* [Source data]:
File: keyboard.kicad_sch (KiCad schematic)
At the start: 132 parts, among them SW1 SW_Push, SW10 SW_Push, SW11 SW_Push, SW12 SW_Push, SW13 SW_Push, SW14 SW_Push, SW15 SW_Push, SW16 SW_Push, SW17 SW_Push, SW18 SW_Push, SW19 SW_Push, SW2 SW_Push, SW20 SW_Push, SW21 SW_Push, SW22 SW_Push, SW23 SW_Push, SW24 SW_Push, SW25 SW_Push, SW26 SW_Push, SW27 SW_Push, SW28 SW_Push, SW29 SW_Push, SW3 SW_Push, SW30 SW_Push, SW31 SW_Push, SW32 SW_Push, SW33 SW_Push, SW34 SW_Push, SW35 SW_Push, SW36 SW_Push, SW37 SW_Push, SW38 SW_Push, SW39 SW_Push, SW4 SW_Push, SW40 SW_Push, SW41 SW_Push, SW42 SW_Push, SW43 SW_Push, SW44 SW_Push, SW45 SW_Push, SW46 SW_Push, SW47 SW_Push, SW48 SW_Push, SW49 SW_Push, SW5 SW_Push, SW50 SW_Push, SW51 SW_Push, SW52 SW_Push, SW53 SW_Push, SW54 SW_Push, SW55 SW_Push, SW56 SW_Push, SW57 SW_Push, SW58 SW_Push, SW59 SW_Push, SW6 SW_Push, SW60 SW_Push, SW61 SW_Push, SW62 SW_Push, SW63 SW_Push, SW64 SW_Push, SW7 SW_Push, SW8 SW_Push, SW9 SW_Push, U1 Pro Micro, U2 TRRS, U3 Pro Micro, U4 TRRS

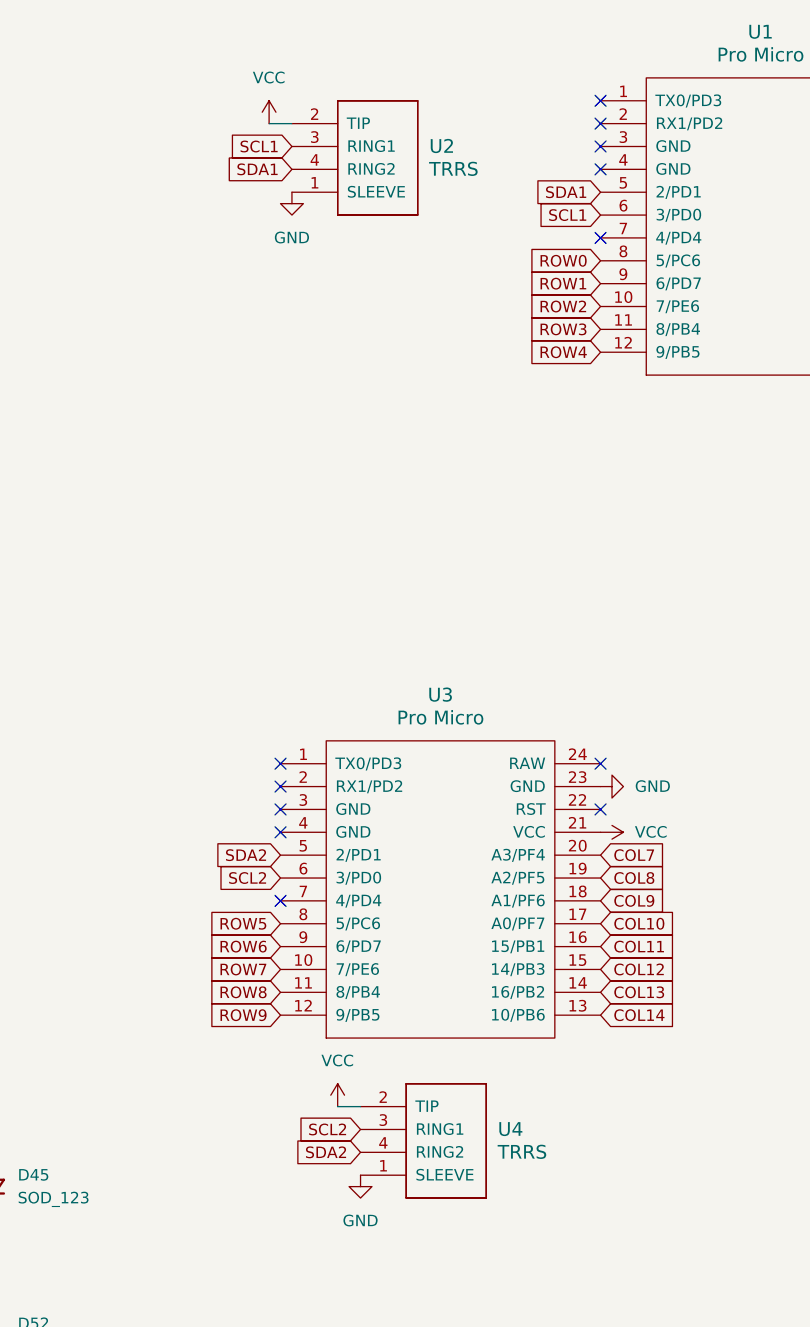
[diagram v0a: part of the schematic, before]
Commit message: Remove second connection from TRRS and ProMicro, redo traces on PCB to be cleaner
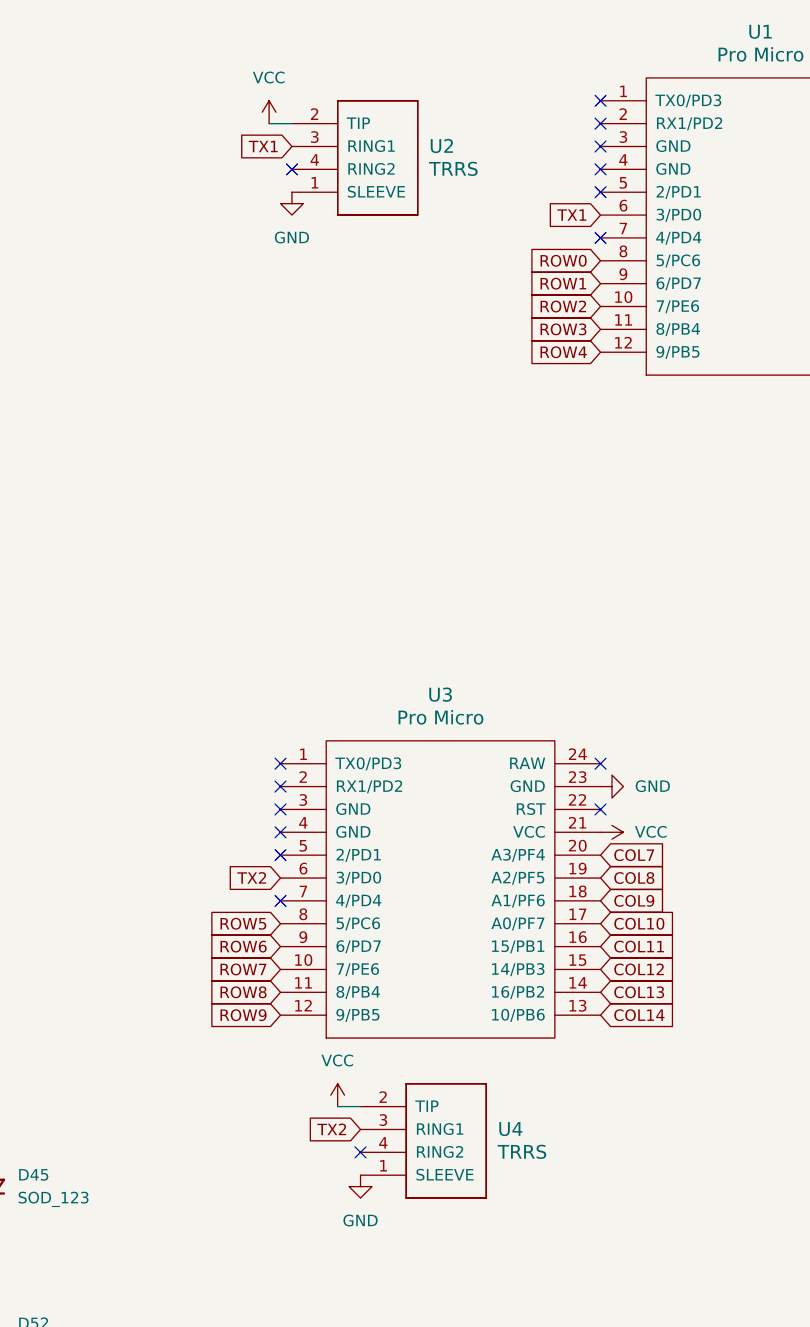
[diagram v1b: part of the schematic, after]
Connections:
- net SCL1 renamed TX1
- net SCL2 renamed TX2
- net SDA1: no longer names the net of U1.5 (2/PD1)
- net SDA1: no longer U2.4 (RING2)
- net SDA2: no longer names the net of U4.4 (RING2)
- net SDA2: no longer U3.5 (2/PD1)
- no-connect marks 15 -> 19
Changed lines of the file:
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@@
   )
   (no_connect (at 213.36 25.4))
+  (no_connect (at 177.8 104.14))
   (no_connect (at 213.36 22.86))
   (no_connect (at 213.36 35.56))
@@
   (no_connect (at 213.36 27.94))
   (no_connect (at 248.92 25.4))
+  (no_connect (at 179.07 27.94))
   (no_connect (at 213.36 99.06))
   (no_connect (at 248.92 20.32))
   (no_connect (at 177.8 99.06))
+  (no_connect (at 186.69 137.16))
+  (no_connect (at 213.36 30.48))
   (no_connect (at 248.92 48.26))
   (no_connect (at 177.8 109.22))
@@
     )
   )
-  (global_label "SDA1" (shape input) (at 213.36 30.48 180) (fields_autoplaced)
-    (effects (font (size 1.27 1.27)) (justify right))
-    (property "Intersheetrefs" "${INTERSHEET_REFS}" (at 205.5972 30.48 0)
-      (effects (font (size 1.27 1.27)) (justify right) hide)
-    )
-  )
   (global_label "ROW3" (shape input) (at 213.36 45.72 180) (fields_autoplaced)
     (effects (font (size 1.27 1.27)) (justify right))
@@
     )
   )
-  (global_label "SCL2" (shape input) (at 177.8 106.68 180) (fields_autoplaced)
-    (effects (font (size 1.27 1.27)) (justify right))
-    (property "Intersheetrefs" "${INTERSHEET_REFS}" (at 170.0977 106.68 0)
+  (global_label "TX2" (shape input) (at 177.8 106.68 180) (fields_autoplaced)
+    (effects (font (size 1.27 1.27)) (justify right))
+    (property "Intersheetrefs" "${INTERSHEET_REFS}" (at 171.4282 106.68 0)
       (effects (font (size 1.27 1.27)) (justify right) hide)
     )
@@
     )
   )
-  (global_label "SDA2" (shape input) (at 177.8 104.14 180) (fields_autoplaced)
-    (effects (font (size 1.27 1.27)) (justify right))
-    (property "Intersheetrefs" "${INTERSHEET_REFS}" (at 170.0372 104.14 0)
-      (effects (font (size 1.27 1.27)) (justify right) hide)
-    )
-  )
   (global_label "COL2" (shape input) (at 57.15 21.59 90) (fields_autoplaced)
     (effects (font (size 1.27 1.27)) (justify left))
@@
     )
   )
-  (global_label "SCL1" (shape input) (at 213.36 33.02 180) (fields_autoplaced)
-    (effects (font (size 1.27 1.27)) (justify right))
-    (property "Intersheetrefs" "${INTERSHEET_REFS}" (at 205.6577 33.02 0)
+  (global_label "TX1" (shape input) (at 213.36 33.02 180) (fields_autoplaced)
+    (effects (font (size 1.27 1.27)) (justify right))
+    (property "Intersheetrefs" "${INTERSHEET_REFS}" (at 206.9882 33.02 0)
       (effects (font (size 1.27 1.27)) (justify right) hide)
     )
@@
     )
   )
-  (global_label "SCL1" (shape input) (at 179.07 25.4 180) (fields_autoplaced)
-    (effects (font (size 1.27 1.27)) (justify right))
-    (property "Intersheetrefs" "${INTERSHEET_REFS}" (at 171.3677 25.4 0)
-      (effects (font (size 1.27 1.27)) (justify right) hide)
-    )
-  )
-  (global_label "SDA1" (shape input) (at 179.07 27.94 180) (fields_autoplaced)
-    (effects (font (size 1.27 1.27)) (justify right))
-    (property "Intersheetrefs" "${INTERSHEET_REFS}" (at 171.3072 27.94 0)
+  (global_label "TX1" (shape input) (at 179.07 25.4 180) (fields_autoplaced)
+    (effects (font (size 1.27 1.27)) (justify right))
+    (property "Intersheetrefs" "${INTERSHEET_REFS}" (at 172.6982 25.4 0)
       (effects (font (size 1.27 1.27)) (justify right) hide)
     )
@@
     )
   )
-  (global_label "SCL2" (shape input) (at 186.69 134.62 180) (fields_autoplaced)
-    (effects (font (size 1.27 1.27)) (justify right))
-    (property "Intersheetrefs" "${INTERSHEET_REFS}" (at 178.9877 134.62 0)
+  (global_label "TX2" (shape input) (at 186.69 134.62 180) (fields_autoplaced)
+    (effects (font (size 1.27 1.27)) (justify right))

* [What you should do]: I would like you to restate word for word the lines from the one with "178.9877 134.62 0)" through the last line of the material above, and only those.

* [Answer area]:
-    (property "Intersheetrefs" "${INTERSHEET_REFS}" (at 178.9877 134.62 0)
+  (global_label "TX2" (shape input) (at 186.69 134.62 180) (fields_autoplaced)
+    (effects (font (size 1.27 1.27)) (justify right))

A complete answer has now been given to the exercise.